SBIE1308 Program cannot start due to restrictions - CompPkgSrv.exe [Firefox]
SBIE2222 To add the program to Start/Run Access Restrictions, please double-click on this message line
SBIE2314 Canceling process CompPkgSrv.exe

Curious, before I Hide.
Is 'CompPkgSrv.exe [Firefox]' a Windows service https://www.file.net/process/comppkgsrv.exe.html or Firefox service.
Why 'SBIE2314 Canceling process CompPkgSrv.exe' when calling Firefox support pages and YouTube pages?
What program cannot start?
'SBIE1308 Program cannot start due to restrictions - CompPkgSrv.exe [Firefox]'

Comments?

Edit:

Code:

SbieCtrl_HideMessage=2222,CompPkgSrv.exe [Firefox]
SbieCtrl_HideMessage=1308,CompPkgSrv.exe [Firefox]
SbieCtrl_HideMessage=2314,CompPkgSrv.exe

Curious...what's CompPkgSrv.exe?

 

Hi bjm, I haven't seen any messages related to CompPkgSrv.exe. According to a quick Google search that file is part of the operating system.

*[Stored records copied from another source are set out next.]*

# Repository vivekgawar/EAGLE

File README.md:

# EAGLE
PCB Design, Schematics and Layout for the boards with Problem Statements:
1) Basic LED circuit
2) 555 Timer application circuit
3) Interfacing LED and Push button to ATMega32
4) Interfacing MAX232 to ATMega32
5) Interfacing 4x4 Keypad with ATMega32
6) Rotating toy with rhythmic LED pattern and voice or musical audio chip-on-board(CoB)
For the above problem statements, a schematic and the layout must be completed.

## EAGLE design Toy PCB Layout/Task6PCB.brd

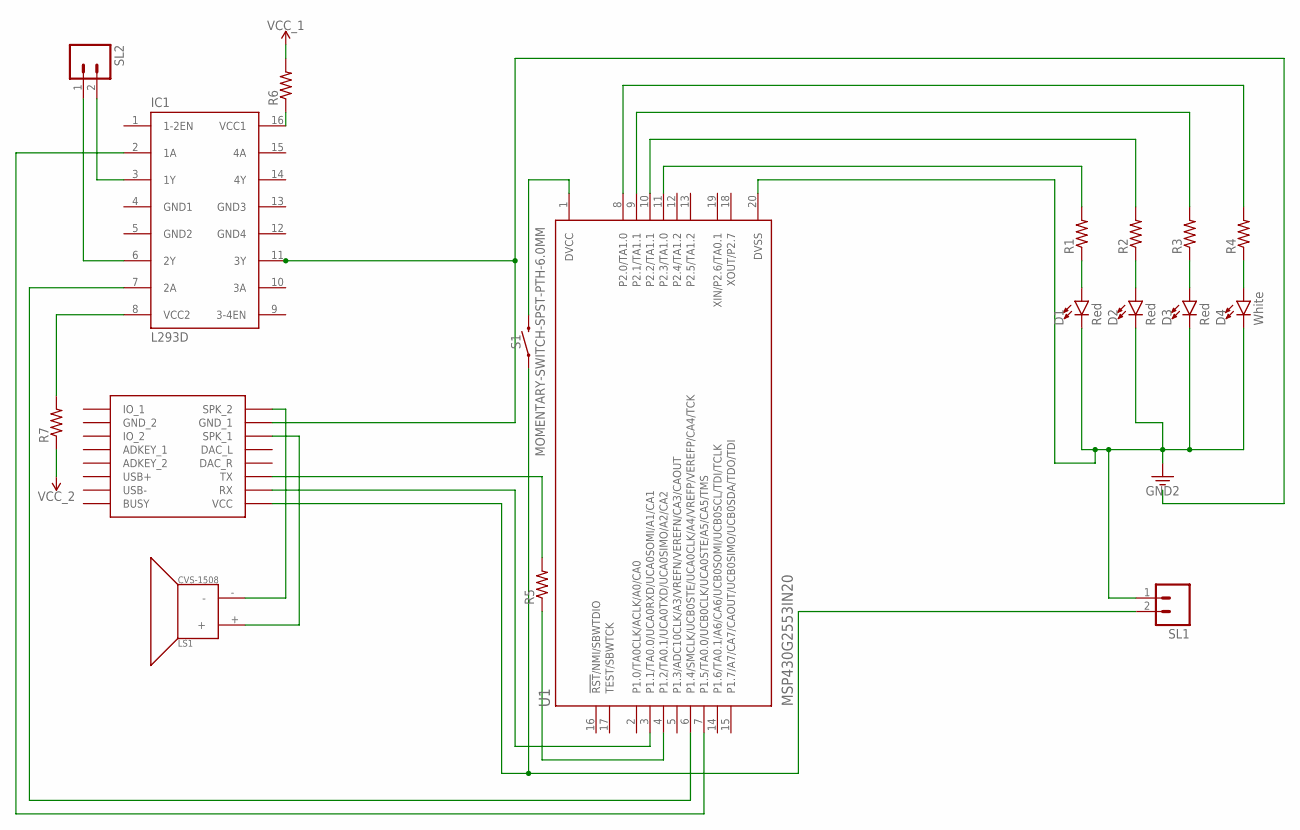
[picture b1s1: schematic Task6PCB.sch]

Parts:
D1, D2, D3: Red; LED-0603
D4: White; LED-1206
IC1: L293D; DIL16
LS1: CVS-1508; CVS-1508_PCBSPKR
R1, R2, R3, R4, R5, R6, R7: R-US_0204/7; 0204/7
S1: MOMENTARY-SWITCH-SPST-PTH-6.0MM; TACTILE_SWITCH_PTH_6.0MM
SL1, SL2: M02; 02P
U1: MSP430G2553IN20; DIP794W45P254L2540H508Q20
U$1: DFPLAYER

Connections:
3.3V: D1.C, D2.C, D3.C, D4.C, SL1.1, U1.20 (DVSS)
GND1: IC1.4 (GND1)
GND2: IC1.5 (GND2)
GND3: IC1.13 (GND3)
GND4: IC1.12 (GND4)
unnamed: R5.1, U1.4 (P1.2/TA0.1/UCA0TXD/UCA0SIMO/A2/CA2)
unnamed: R2.2, U1.10 (P2.2/TA1.1)
unnamed: IC1.7 (2A), U1.6 (P1.4/SMCLK/UCB0STE/UCA0CLK/A4/VREFP/VER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)
unnamed: IC1.8 (VCC2), R7.2
unnamed: D1.A, R1.1
unnamed: D4.A, R4.1
unnamed: R3.2, U1.9 (P2.1/TA1.1)
unnamed: D3.A, R3.1
unnamed: R4.2, U1.8 (P2.0/TA1.0)
unnamed: D2.A, R2.1
unnamed: U1.3 (P1.1/TA0.0/UCA0RXD/UCA0SOMI/A1/CA1), U$1.RX
unnamed: R5.2, U$1.TX
unnamed: R1.2, U1.11 (P2.3/TA1.0)
unnamed: LS1.+, U$1.SPK1 (SPK_1)
unnamed: LS1.-, U$1.SPK2 (SPK_2)
unnamed: IC1.16 (VCC1), R6.1
unnamed: S1.1, SL1.2, U$1.VCC
unnamed: IC1.11 (3Y), U$1.GND_1
unnamed: IC1.3 (1Y), SL2.2
unnamed: IC1.6 (2Y), SL2.1
unnamed: S1.3 (2), U1.1 (DVCC)
unnamed: IC1.2 (1A), U1.7 (P1.5/TA0.0/UCB0CLK/UCA0STE/A5/CA5/TMS)
VCC_1: R6.2
VCC_2: R7.1

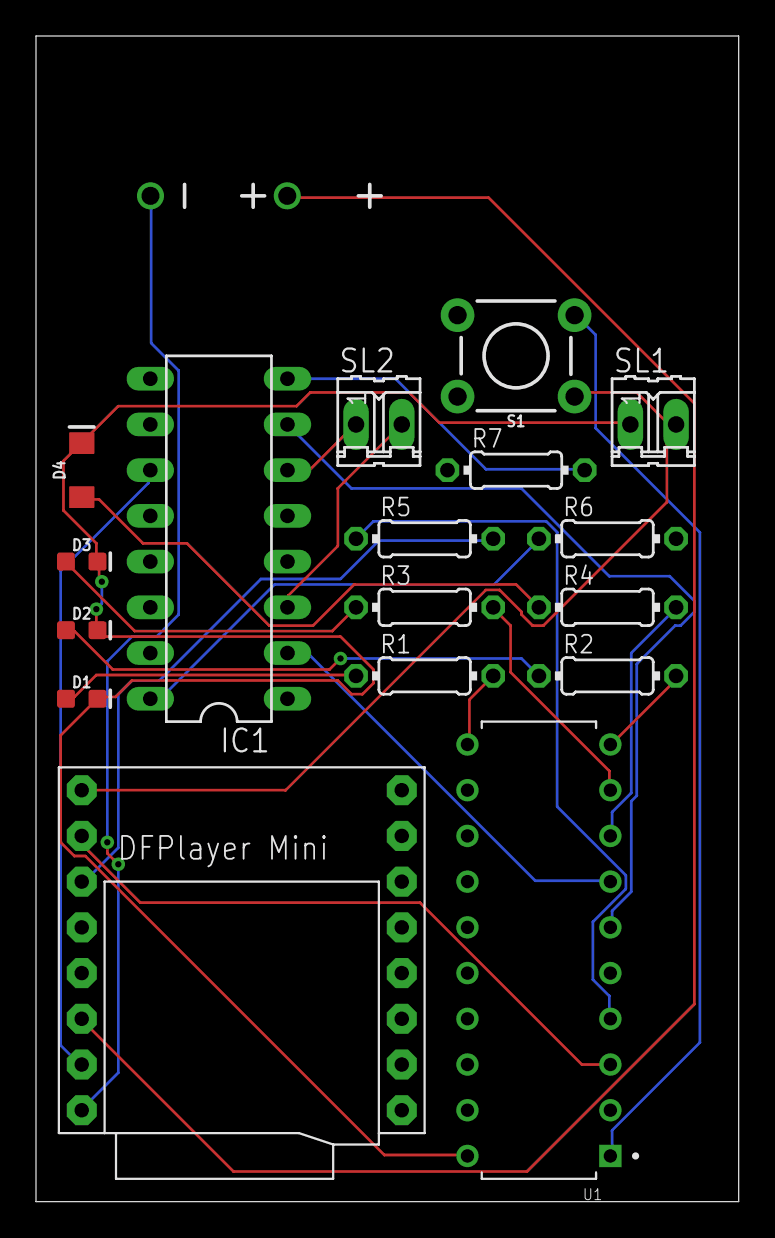
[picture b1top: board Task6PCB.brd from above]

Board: 2 copper layers, 39.0 x 64.8 mm, 18 parts (0 on the bottom side), 23 nets.

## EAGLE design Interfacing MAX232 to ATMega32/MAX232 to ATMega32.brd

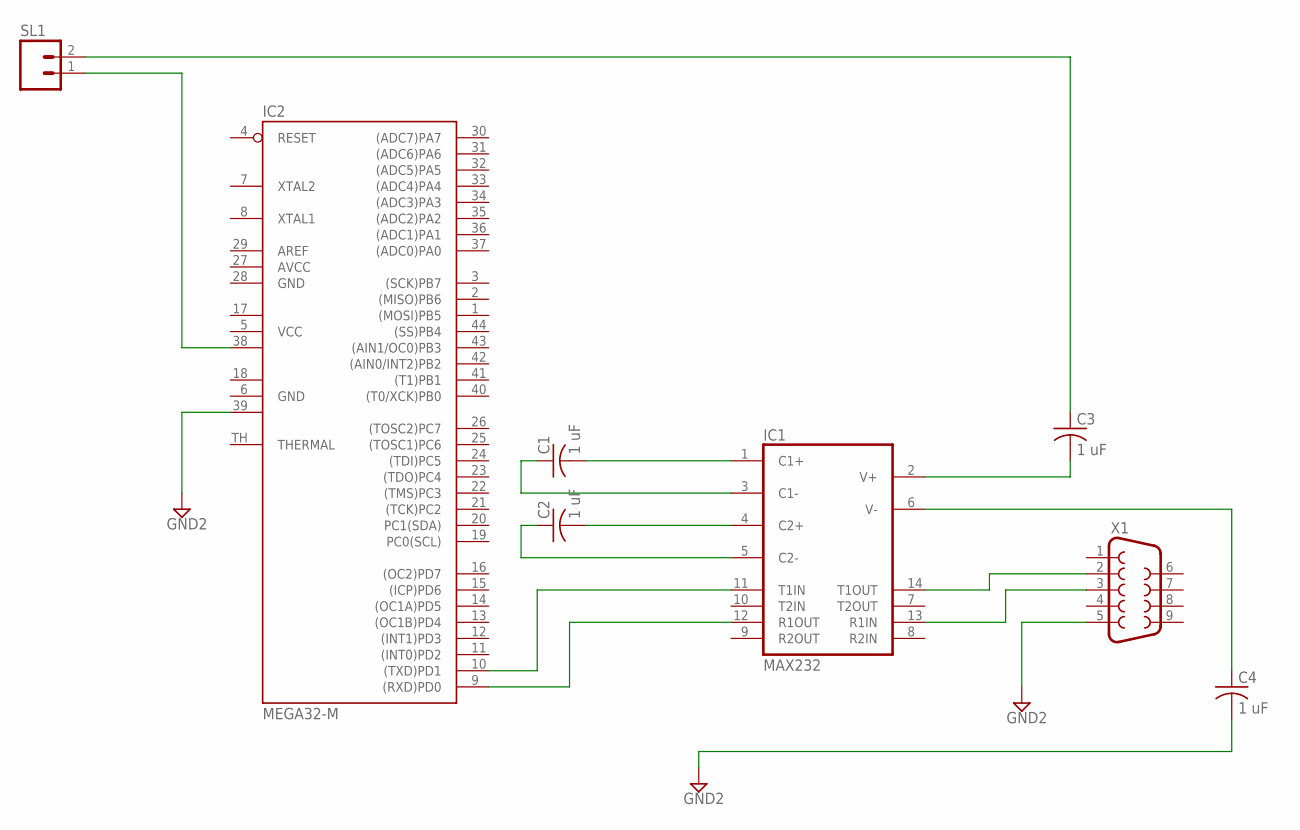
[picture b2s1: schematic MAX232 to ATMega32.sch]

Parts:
C1, C2, C3, C4: 1 uF; C025-025X050
IC1: MAX232; DIL16
IC2: MEGA32-M; MLF44-TH
SL1: M02; 02P
X1: F09VB

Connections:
AVCC: IC2.27 (AVCC)
GND: IC1.15 (GND), IC2.6 (GND), IC2.28 (GND)
GND1: IC2.18 (GND1)
GND2: C4.2, IC2.39 (GND2), X1.5
unnamed: IC1.14 (T1OUT), X1.2
unnamed: IC1.13 (R1IN), X1.3
unnamed: IC1.11 (T1IN), IC2.10 ((TXD)PD1)
unnamed: IC1.12 (R1OUT), IC2.9 ((RXD)PD0)
unnamed: C3.2, IC1.2 (V+)
unnamed: C4.1, IC1.6 (V-)
unnamed: C1.2, IC1.1 (C1+)
unnamed: C1.1, IC1.3 (C1-)
unnamed: C2.2, IC1.4 (C2+)
unnamed: C2.1, IC1.5 (C2-)
unnamed: C3.1, SL1.2
unnamed: IC2.38 (VCC2), SL1.1
VCC: IC1.16 (VCC), IC2.5 (VCC)
VCC1: IC2.17 (VCC1)

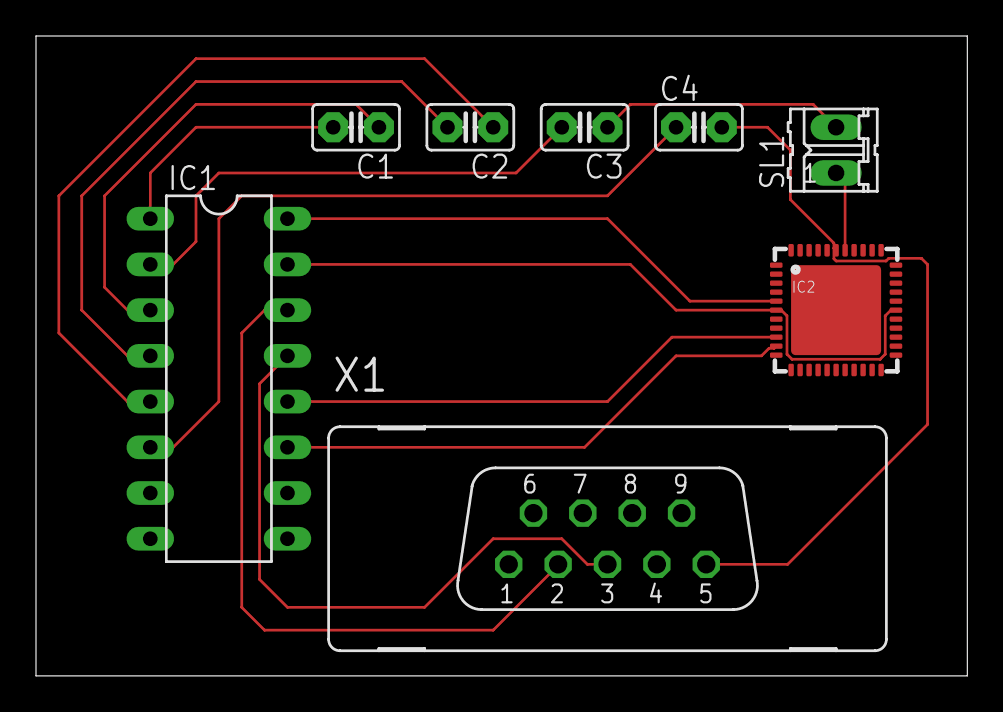
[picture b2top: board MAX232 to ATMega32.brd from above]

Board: 2 copper layers, 51.7 x 35.5 mm, 8 parts (0 on the bottom side), 15 nets.

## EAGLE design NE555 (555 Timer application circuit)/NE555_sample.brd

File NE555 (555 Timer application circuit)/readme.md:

NE555 Timer Application Circuit

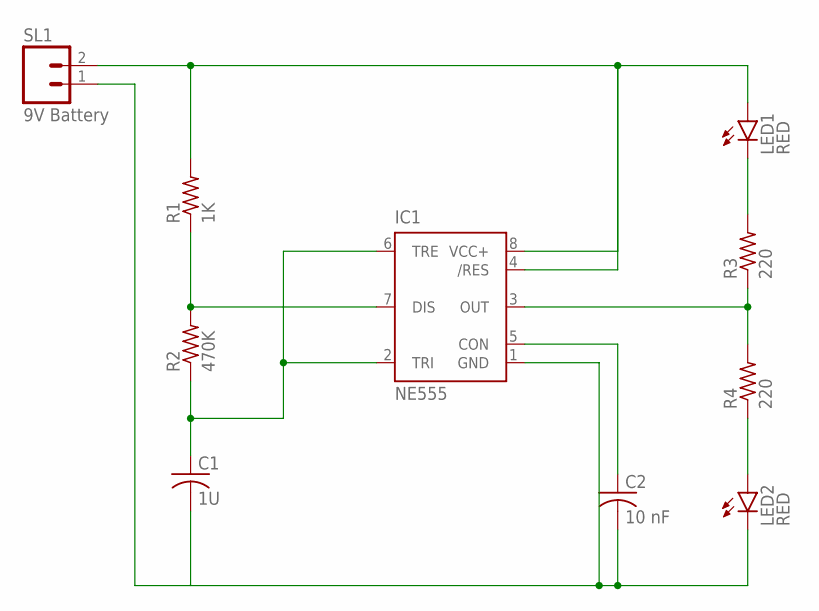
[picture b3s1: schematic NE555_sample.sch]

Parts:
C1: 1U; C0805
C2: 10 nF; C0805
IC1: NE555; DIL-08
LED1, LED2: RED; CHIPLED_0805
R1: 1K; R0805
R2: 470K; R0805
R3, R4: 220; R0805
SL1: 9V Battery; 02P

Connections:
unnamed: IC1.4 (/RES), IC1.8 (VCC+), LED1.A, R1.2, SL1.2
unnamed: LED1.C, R3.2
unnamed: IC1.3 (OUT), R3.1, R4.2
unnamed: LED2.A, R4.1
unnamed: C1.2, C2.2, IC1.1 (GND), LED2.C, SL1.1
unnamed: C1.1, IC1.2 (TRI), IC1.6 (TRE), R2.1
unnamed: IC1.7 (DIS), R1.1, R2.2
unnamed: C2.1, IC1.5 (CON)

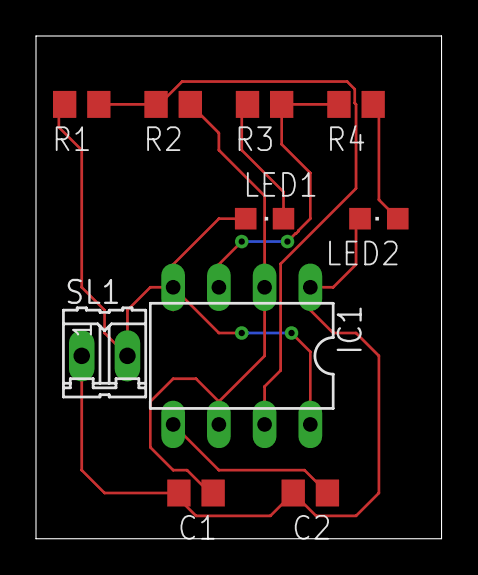
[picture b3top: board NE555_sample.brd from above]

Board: 2 copper layers, 22.5 x 27.9 mm, 10 parts (0 on the bottom side), 8 nets.

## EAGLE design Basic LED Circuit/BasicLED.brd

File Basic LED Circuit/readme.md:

A simple LED Circuit with EAGLE

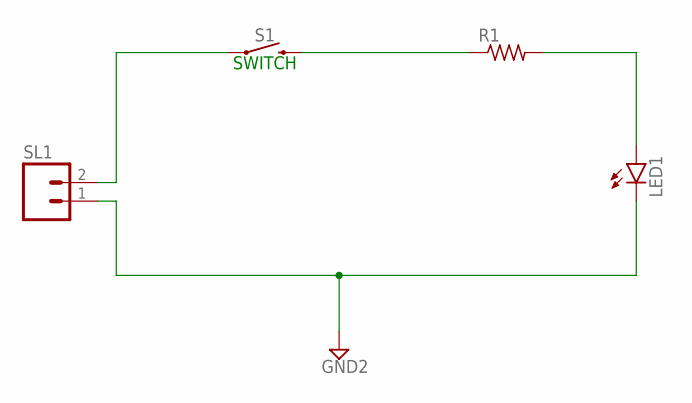
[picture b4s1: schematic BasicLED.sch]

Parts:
LED1: LEDCHIP-LED0805; CHIP-LED0805
R1: R-US_R0805; R0805
S1: SWITCH; TACTILE_SWITCH_SMD_4.5MM
SL1: M02; 02P

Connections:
GND2: LED1.C, SL1.1
unnamed: S1.2 (1), S1.3 (1), SL1.2
unnamed: R1.1, S1.1 (2), S1.4 (2)
unnamed: LED1.A, R1.2

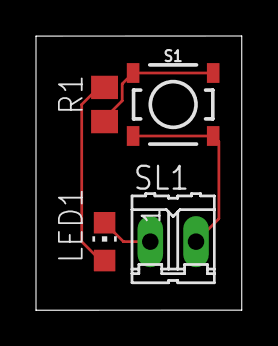
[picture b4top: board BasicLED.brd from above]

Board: 2 copper layers, 11.4 x 15.2 mm, 4 parts (0 on the bottom side), 4 nets.

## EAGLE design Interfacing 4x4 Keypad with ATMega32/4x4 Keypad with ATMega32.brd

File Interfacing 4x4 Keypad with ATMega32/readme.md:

Interfacing 4x4 Keypad with ATMega32

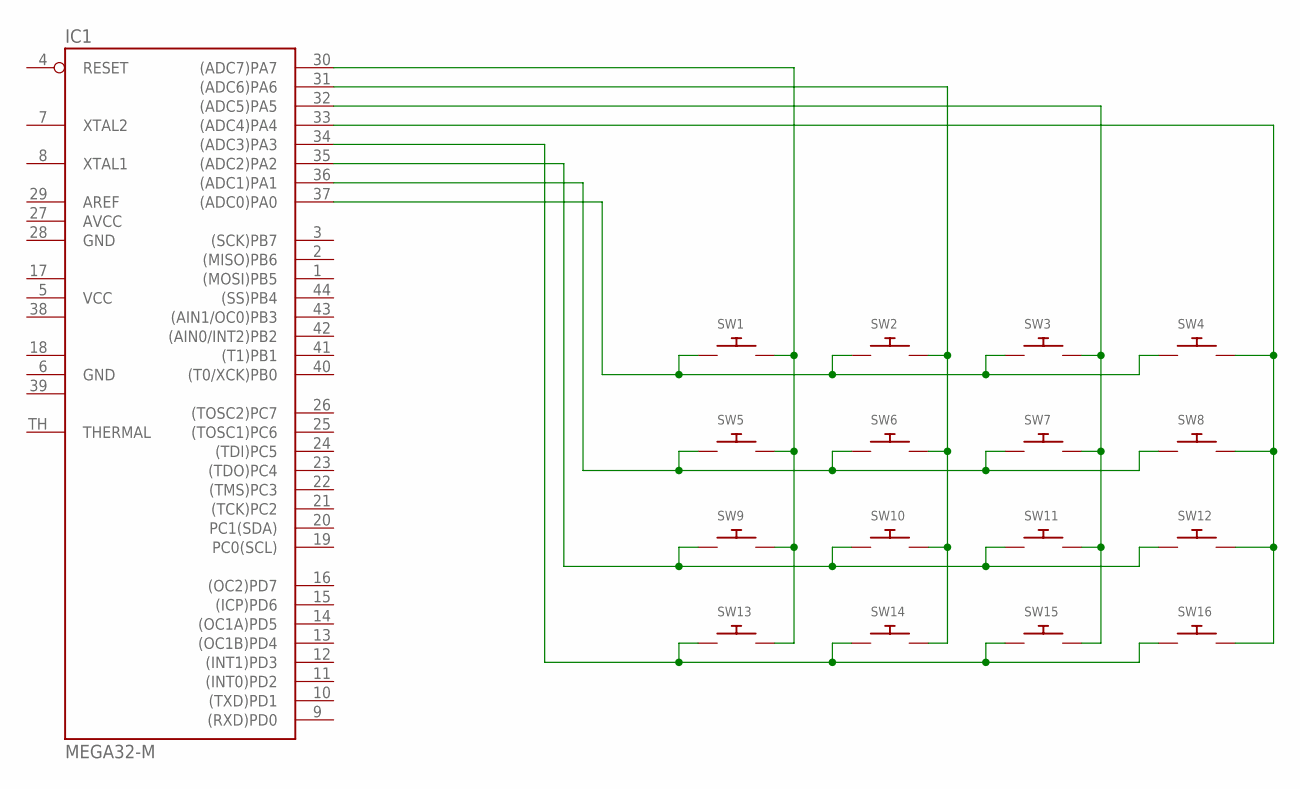
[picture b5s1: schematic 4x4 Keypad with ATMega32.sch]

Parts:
IC1: MEGA32-M; MLF44-TH
SW1, SW2, SW3, SW4, SW5, SW6, SW7, SW8, SW9, SW10, SW11, SW12, SW13, SW14, SW15, SW16: SWITCH_PUSHBUTTONC&K_KSS; BTN_CK_KSS

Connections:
AVCC: IC1.27 (AVCC)
GND: IC1.6 (GND), IC1.28 (GND)
GND1: IC1.18 (GND1)
GND2: IC1.39 (GND2)
unnamed: IC1.37 ((ADC0)PA0), SW1.P$1, SW2.P$1, SW3.P$1, SW4.P$1
unnamed: IC1.33 ((ADC4)PA4), SW4.P$2, SW8.P$2, SW12.P$2, SW16.P$2
unnamed: IC1.32 ((ADC5)PA5), SW3.P$2, SW7.P$2, SW11.P$2, SW15.P$2
unnamed: IC1.35 ((ADC2)PA2), SW9.P$1, SW10.P$1, SW11.P$1, SW12.P$1
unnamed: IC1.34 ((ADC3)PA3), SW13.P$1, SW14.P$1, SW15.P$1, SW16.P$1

I gone to YouTube, and the file doesnt try to run.

FWIW, I found an annoyance (an old one) coming back to Firefox with the update to 72.0.1 (I skipped 72). See the Firefox thread.

Bo

 

Okay....CompPkgSrv.exe remains head scratch, for me.
Thanks
Okay....posted on Firefox thread.

Edit: as test > removed SbieCtrl_HideMessage code + disabled Firefox add-ons and reproduced (intermittent) CompPkgSrv.exe message on more sites. So, not just YouTube n' Firefox Support sites.